'Go-to' people in county must be commissioners

We see the plan to hire a county administrator as a mistake.


County government is not necessarily a model of efficiency nor does it easily adapt to the changes that have occurred in the 125 years Washington has been a state.

But county government does have a very clear positive -- it forces the people who oversee county government to be accountable to the people. A three-member Board of Commissioners is elected to serve as the legislative body and perform executive functions such as overseeing the day-to-day operation of county government.

Many of the specific functions of county government are managed by elected officials who ultimately answer to the voters. The state constitution calls for the election of the sheriff, auditor, treasurer, prosecutor and county clerk.

Overseeing a government under this structure, as the county commissioners do, has always been a big job, but it is even bigger today as local governments seem to be given more responsibility with no added support from the state. Meanwhile, citizens are always in the commissioners' ears.

Given that, it is understandable commissioners are contemplating making an administrative change so they can hand off some of their executive duties to a county administrator who would serve as a "go-to" person for day-to-day operations.

This shift would be a mistake.

The commissioners need to be the "go-to" people for citizens and the county elected officials.

And, unlike City Council members who are given a $300 a month stipend for their role as policy setters, each commissioner is paid a full-time salary of $68,851 a year. The expectation is they do more than set policy; they also oversee the operation as executives.

The commissioners cannot be paid any less or more than the current salary unless they change the salary structure and then are re-elected. The constitution is clear that salaries cannot be changed in the middle of a term.

Commissioners are considering paying for a county administrator by using the salary of the employee who is retiring from his position overseeing human services-risk management ($73,855) and the salary of the part-time records officer ($30,714). The administrator would take on those duties plus budget and administrative duties.

It's unwise to fold human resources responsibilities into the administrator's job. The HR office must be a safe place where employees can go with their concerns about on-the-job issues. The county would be making itself more vulnerable to lawsuits if it does not have an HR person to address employee concerns in a professional manner.
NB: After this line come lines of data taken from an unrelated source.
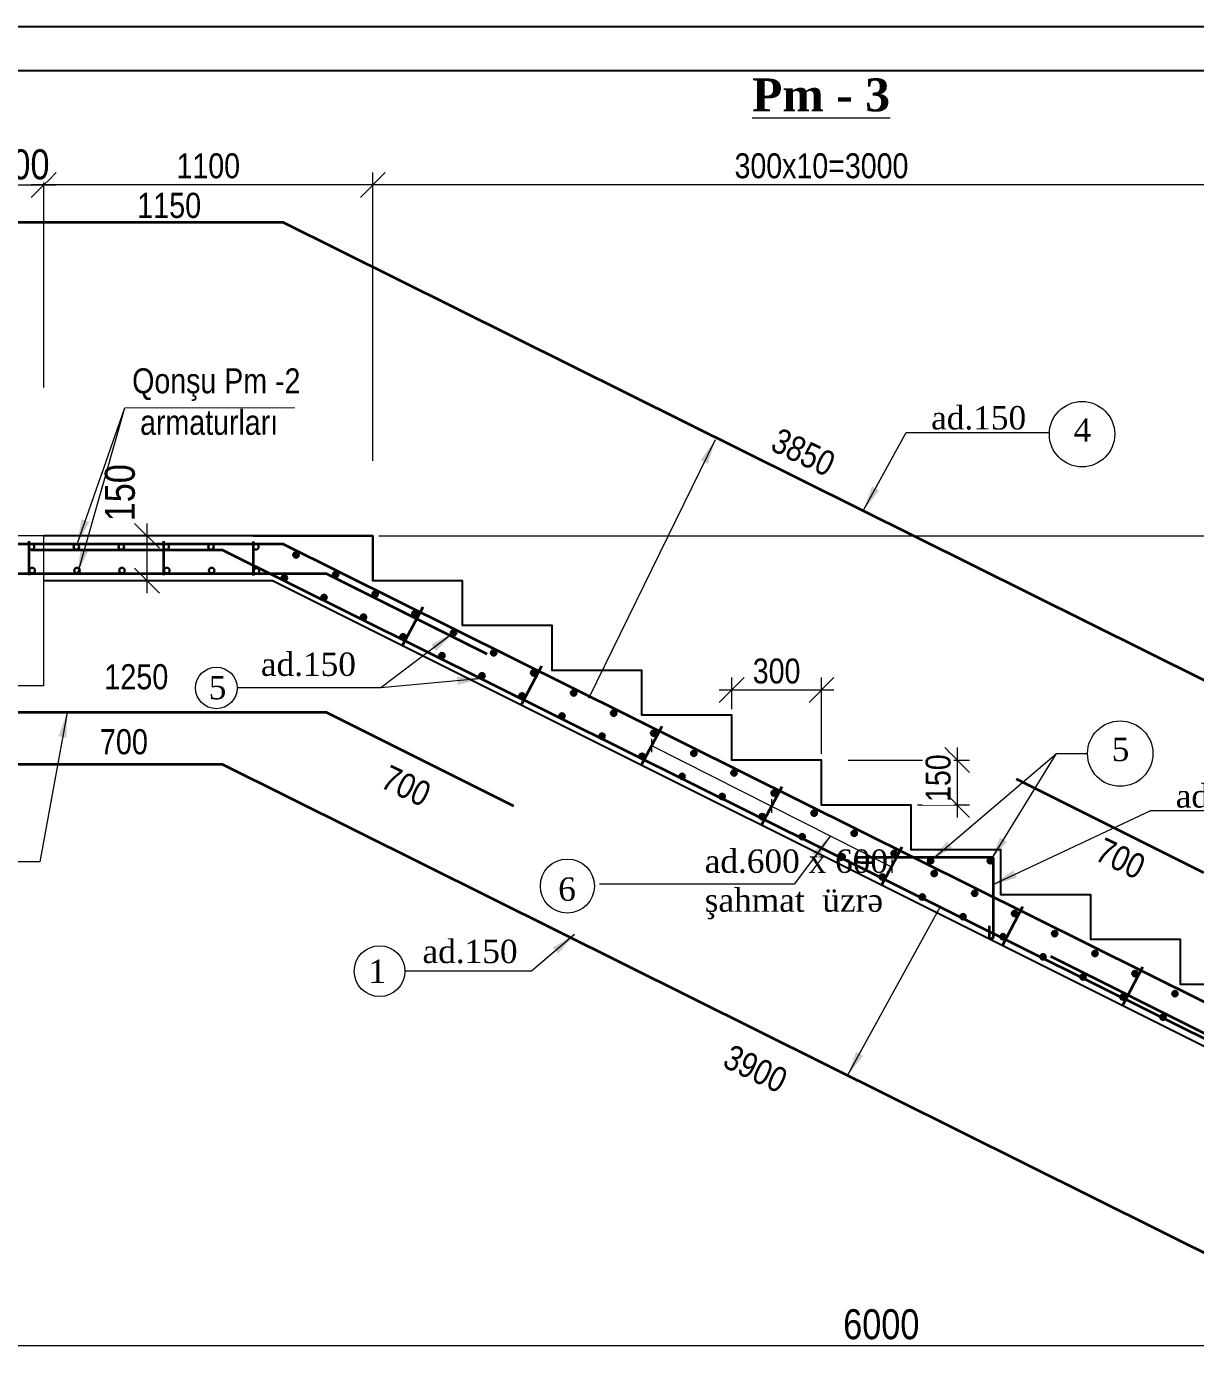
# Model space of a CAD drawing. Header units: millimetres. Extents: x -149347 to 251215, y -2929184 to -2541447.
# Drawn here: x 161272 to 172994, y -2651313 to -2637954 of the extents above; entities that cross this region are included whole.
import ezdxf

# ---------------------------------------------------------------- set-up
doc = ezdxf.new("R2010")
doc.units = ezdxf.units.MM
for name, color, linetype, lineweight in [('àğìà  0.25', 7, 'Continuous', 25), ('ИЧ  РАЗМЕР  0.09', 143, 'Continuous', 9), ('размер  0.09', 141, 'Continuous', 9)]:
    doc.layers.add(name, color=color, linetype=linetype, lineweight=lineweight)
doc.styles.get("Standard").update_dxf_attribs({"font": 'times.ttf'})
doc.styles.add('style1', font='A3TI(LA).TTF', dxfattribs={"height": 400})
doc.styles.add('style6', font='ARIALN.TTF', dxfattribs={"height": 300})
doc.dimstyles.new('DIM_100', dxfattribs={"dimscale": 100, "dimtxt": 250, "dimasz": 2.5, "dimexe": 1.25, "dimexo": 0.625, "dimtad": 1, "dimdec": 0, "dimtxsty": 'style1', "dimblk": 'OBLIQUE', "dimcen": 2.5, "dimdle": 1.25, "dimclrd": 251, "dimclre": 251, "dimaunit": 1, "dimadec": 3, "dimazin": 0, "dimtfac": 1, "dimtdec": 0, "dimtmove": 1, "dimatfit": 3, "dimfxl": 1.25, "dimlwd": 5, "dimlwe": 5, "dimarcsym": 0})

# ---------------------------------------------------------------- blocks, each defined once
blk = doc.blocks.new('mekteb')
at = {"color": 0, "lineweight": 25}
blk.add_line((99643, -1821466), (139843, -1821466), dxfattribs=at)
at = {"color": 0, "lineweight": 25, "ltscale": 15}
blk.add_line((139343, -1821966), (101643, -1821966), dxfattribs=at)
blk = doc.blocks.new('_Oblique')
at = {"color": 0, "linetype": 'ByBlock', "lineweight": -2}
blk.add_line((-0.5, -0.5), (0.5, 0.5), dxfattribs=at)
blk = doc.blocks.new('*D1047')
at = {"color": 251, "lineweight": 5, "ltscale": 15, "transparency": 16777216}
for p, q in [((164744, -2642311), (164744, -2639418)), ((173744, -2641452), (173744, -2639418))]:
    blk.add_line(p, q, dxfattribs=at)
at = {"color": 251, "linetype": 'ByBlock', "lineweight": 5, "ltscale": 15, "transparency": 16777216}
blk.add_line((173869, -2639543), (164619, -2639543), dxfattribs=at)
at = {"layer": 'Defpoints', "color": 0, "lineweight": 15, "ltscale": 15, "transparency": 16777216}
for p in [(164744, -2639543), (173744, -2641514), (164744, -2642374)]:
    blk.add_point(p, dxfattribs=at)
at = {"color": 251, "lineweight": 5, "ltscale": 15, "transparency": 16777216, "xscale": 250, "yscale": 250, "zscale": 250, "rotation": 180}
blk.add_blockref('_Oblique', (164744, -2639543), dxfattribs=at)
at = {"color": 251, "lineweight": 5, "ltscale": 15, "transparency": 16777216, "xscale": 250, "yscale": 250, "zscale": 250}
blk.add_blockref('_Oblique', (173744, -2639543), dxfattribs=at)
at = {"color": 0, "lineweight": 15, "ltscale": 15, "transparency": 16777216, "insert": (169244, -2639352), "char_height": 300, "attachment_point": 5, "style": 'style6', "bg_fill": 3, "box_fill_scale": 1.1, "bg_fill_color": 9, "bg_fill_true_color": 13158600, "bg_fill_transparency": 0}
blk.add_mtext('{\\fArial Narrow|b0|i0|c238|p34;\\H0.83333x;300x10=\\fArial Narrow|b0|i0|c204|p34;3000}', dxfattribs=at)
blk = doc.blocks.new('*D1048')
at = {"color": 251, "lineweight": 5, "ltscale": 15, "transparency": 16777216}
for p, q in [((161444, -2641574), (161444, -2639418)), ((164744, -2639543), (164744, -2639418))]:
    blk.add_line(p, q, dxfattribs=at)
at = {"color": 251, "linetype": 'ByBlock', "lineweight": 5, "ltscale": 15, "transparency": 16777216}
blk.add_line((164869, -2639543), (161319, -2639543), dxfattribs=at)
at = {"layer": 'Defpoints', "color": 0, "lineweight": 15, "ltscale": 15, "transparency": 16777216}
for p in [(161444, -2639543), (164744, -2639597), (161444, -2641637)]:
    blk.add_point(p, dxfattribs=at)
at = {"color": 251, "lineweight": 5, "ltscale": 15, "transparency": 16777216, "xscale": 250, "yscale": 250, "zscale": 250, "rotation": 180}
blk.add_blockref('_Oblique', (161444, -2639543), dxfattribs=at)
at = {"color": 251, "lineweight": 5, "ltscale": 15, "transparency": 16777216, "xscale": 250, "yscale": 250, "zscale": 250}
blk.add_blockref('_Oblique', (164744, -2639543), dxfattribs=at)
at = {"color": 0, "lineweight": 15, "ltscale": 15, "transparency": 16777216, "insert": (163094, -2639352), "char_height": 300, "attachment_point": 5, "style": 'style6', "bg_fill": 3, "box_fill_scale": 1.1, "bg_fill_color": 9, "bg_fill_true_color": 13158600, "bg_fill_transparency": 0}
blk.add_mtext('{\\H0.83333x;1100}', dxfattribs=at)
blk = doc.blocks.new('*D1049')
at = {"color": 251, "linetype": 'ByBlock', "lineweight": 5, "ltscale": 15, "transparency": 16777216}
blk.add_line((180516, -2648137), (180516, -2642937), dxfattribs=at)
at = {"color": 251, "lineweight": 5, "ltscale": 15, "transparency": 16777216}
for p, q in [((164806, -2643062), (180641, -2643062)), ((178306, -2648012), (180641, -2648012))]:
    blk.add_line(p, q, dxfattribs=at)
at = {"layer": 'Defpoints', "color": 0, "lineweight": 15, "ltscale": 15, "transparency": 16777216}
for p in [(164744, -2643062), (180516, -2643062), (178244, -2648012)]:
    blk.add_point(p, dxfattribs=at)
at = {"color": 251, "lineweight": 5, "ltscale": 15, "transparency": 16777216, "xscale": 250, "yscale": 250, "zscale": 250}
for p, rotation in [((180516, -2643062), 90), ((180516, -2648012), 270)]:
    blk.add_blockref('_Oblique', p, dxfattribs=dict(at, rotation=rotation))
at = {"color": 0, "lineweight": 15, "ltscale": 15, "transparency": 16777216, "insert": (180326, -2645537), "char_height": 300, "attachment_point": 5, "rotation": 90, "style": 'style6', "bg_fill": 3, "box_fill_scale": 1.1, "bg_fill_color": 9, "bg_fill_true_color": 13158600, "bg_fill_transparency": 0}
blk.add_mtext('{\\fArial Narrow|b0|i0|c238|p34;\\H0.83333x;150x11=1650}', dxfattribs=at)
blk = doc.blocks.new('*D1050')
at = {"color": 251, "lineweight": 5, "ltscale": 15, "transparency": 16777216}
for p, q in [((168344, -2644800), (168344, -2644485)), ((169244, -2645250), (169244, -2644485))]:
    blk.add_line(p, q, dxfattribs=at)
at = {"color": 251, "linetype": 'ByBlock', "lineweight": 5, "ltscale": 15, "transparency": 16777216}
blk.add_line((169369, -2644610), (168219, -2644610), dxfattribs=at)
at = {"layer": 'Defpoints', "color": 0, "lineweight": 15, "ltscale": 15, "transparency": 16777216}
for p in [(168344, -2644610), (168344, -2644862), (169244, -2645312)]:
    blk.add_point(p, dxfattribs=at)
at = {"color": 0, "lineweight": 15, "ltscale": 15, "transparency": 16777216, "insert": (168794, -2644420), "char_height": 300, "attachment_point": 5, "style": 'style6', "bg_fill": 3, "box_fill_scale": 1.1, "bg_fill_color": 9, "bg_fill_true_color": 13158600, "bg_fill_transparency": 0}
blk.add_mtext('{\\H0.83333x;300}', dxfattribs=at)
at = {"color": 251, "lineweight": 5, "ltscale": 15, "transparency": 16777216, "xscale": 250, "yscale": 250, "zscale": 250, "rotation": 180}
blk.add_blockref('_Oblique', (168344, -2644610), dxfattribs=at)
at = {"color": 251, "lineweight": 5, "ltscale": 15, "transparency": 16777216, "xscale": 250, "yscale": 250, "zscale": 250}
blk.add_blockref('_Oblique', (169244, -2644610), dxfattribs=at)
blk = doc.blocks.new('*D1051')
at = {"color": 251, "linetype": 'ByBlock', "lineweight": 5, "ltscale": 15, "transparency": 16777216}
blk.add_line((170605, -2645187), (170605, -2645887), dxfattribs=at)
at = {"color": 251, "lineweight": 5, "ltscale": 15, "transparency": 16777216}
for p, q in [((169511, -2645312), (170730, -2645312)), ((170206, -2645762), (170730, -2645762))]:
    blk.add_line(p, q, dxfattribs=at)
at = {"layer": 'Defpoints', "color": 0, "lineweight": 15, "ltscale": 15, "transparency": 16777216}
for p in [(169449, -2645312), (170144, -2645762)]:
    blk.add_point(p, dxfattribs=at)
at = {"color": 0, "lineweight": 15, "ltscale": 15, "transparency": 16777216, "insert": (170415, -2645493), "char_height": 300, "attachment_point": 5, "rotation": 90, "style": 'style6', "bg_fill": 3, "box_fill_scale": 1.1, "bg_fill_color": 9, "bg_fill_true_color": 13158600, "bg_fill_transparency": 0}
blk.add_mtext('{\\H0.83333x;150}', dxfattribs=at)
at = {"layer": 'Defpoints', "color": 0, "lineweight": 15, "ltscale": 15, "transparency": 16777216}
blk.add_point((170605, -2645762), dxfattribs=at)
at = {"color": 251, "lineweight": 5, "ltscale": 15, "transparency": 16777216, "xscale": 250, "yscale": 250, "zscale": 250}
for p, rotation in [((170605, -2645312), 90), ((170605, -2645762), 270)]:
    blk.add_blockref('_Oblique', p, dxfattribs=dict(at, rotation=rotation))
blk = doc.blocks.new('*D1052')
at = {"color": 251, "linetype": 'ByBlock', "lineweight": 5, "ltscale": 15, "transparency": 16777216}
blk.add_line((162479, -2642937), (162479, -2643637), dxfattribs=at)
at = {"color": 251, "lineweight": 5, "ltscale": 15, "transparency": 16777216}
for p, q in [((162479, -2643062), (162604, -2643062)), ((162479, -2643512), (162604, -2643512))]:
    blk.add_line(p, q, dxfattribs=at)
at = {"layer": 'Defpoints', "color": 0, "lineweight": 15, "ltscale": 15, "transparency": 16777216}
for p in [(162479, -2643062), (162479, -2643512), (162479, -2643512)]:
    blk.add_point(p, dxfattribs=at)
at = {"color": 251, "lineweight": 5, "ltscale": 15, "transparency": 16777216, "xscale": 250, "yscale": 250, "zscale": 250, "rotation": 270}
blk.add_blockref('_Oblique', (162479, -2643512), dxfattribs=at)
at = {"color": 0, "lineweight": 15, "ltscale": 15, "transparency": 16777216, "insert": (162209, -2642630), "char_height": 300, "attachment_point": 5, "rotation": 90, "style": 'style6', "bg_fill": 3, "box_fill_scale": 1.1, "bg_fill_color": 9, "bg_fill_true_color": 13158600, "bg_fill_transparency": 0}
blk.add_mtext('150', dxfattribs=at)
at = {"color": 251, "lineweight": 5, "ltscale": 15, "transparency": 16777216, "xscale": 250, "yscale": 250, "zscale": 250, "rotation": 90}
blk.add_blockref('_Oblique', (162479, -2643062), dxfattribs=at)
blk = doc.blocks.new('*D1042')
at = {"color": 251, "lineweight": 5, "ltscale": 15, "transparency": 16777216}
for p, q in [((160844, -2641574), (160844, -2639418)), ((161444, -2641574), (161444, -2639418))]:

The county is not in a financial position to hire more than one person for these various roles.

Until the financial picture for local governments improves, we believe the commissioners should put this plan on hold.

If more money were available, perhaps commissioners could restructure the Board of Commissioners' office to add an administrator to deal with the complexity of mandates, changing laws, etc..

But the commissioners need to hold the "go-to" positions as they answer directly to the voters.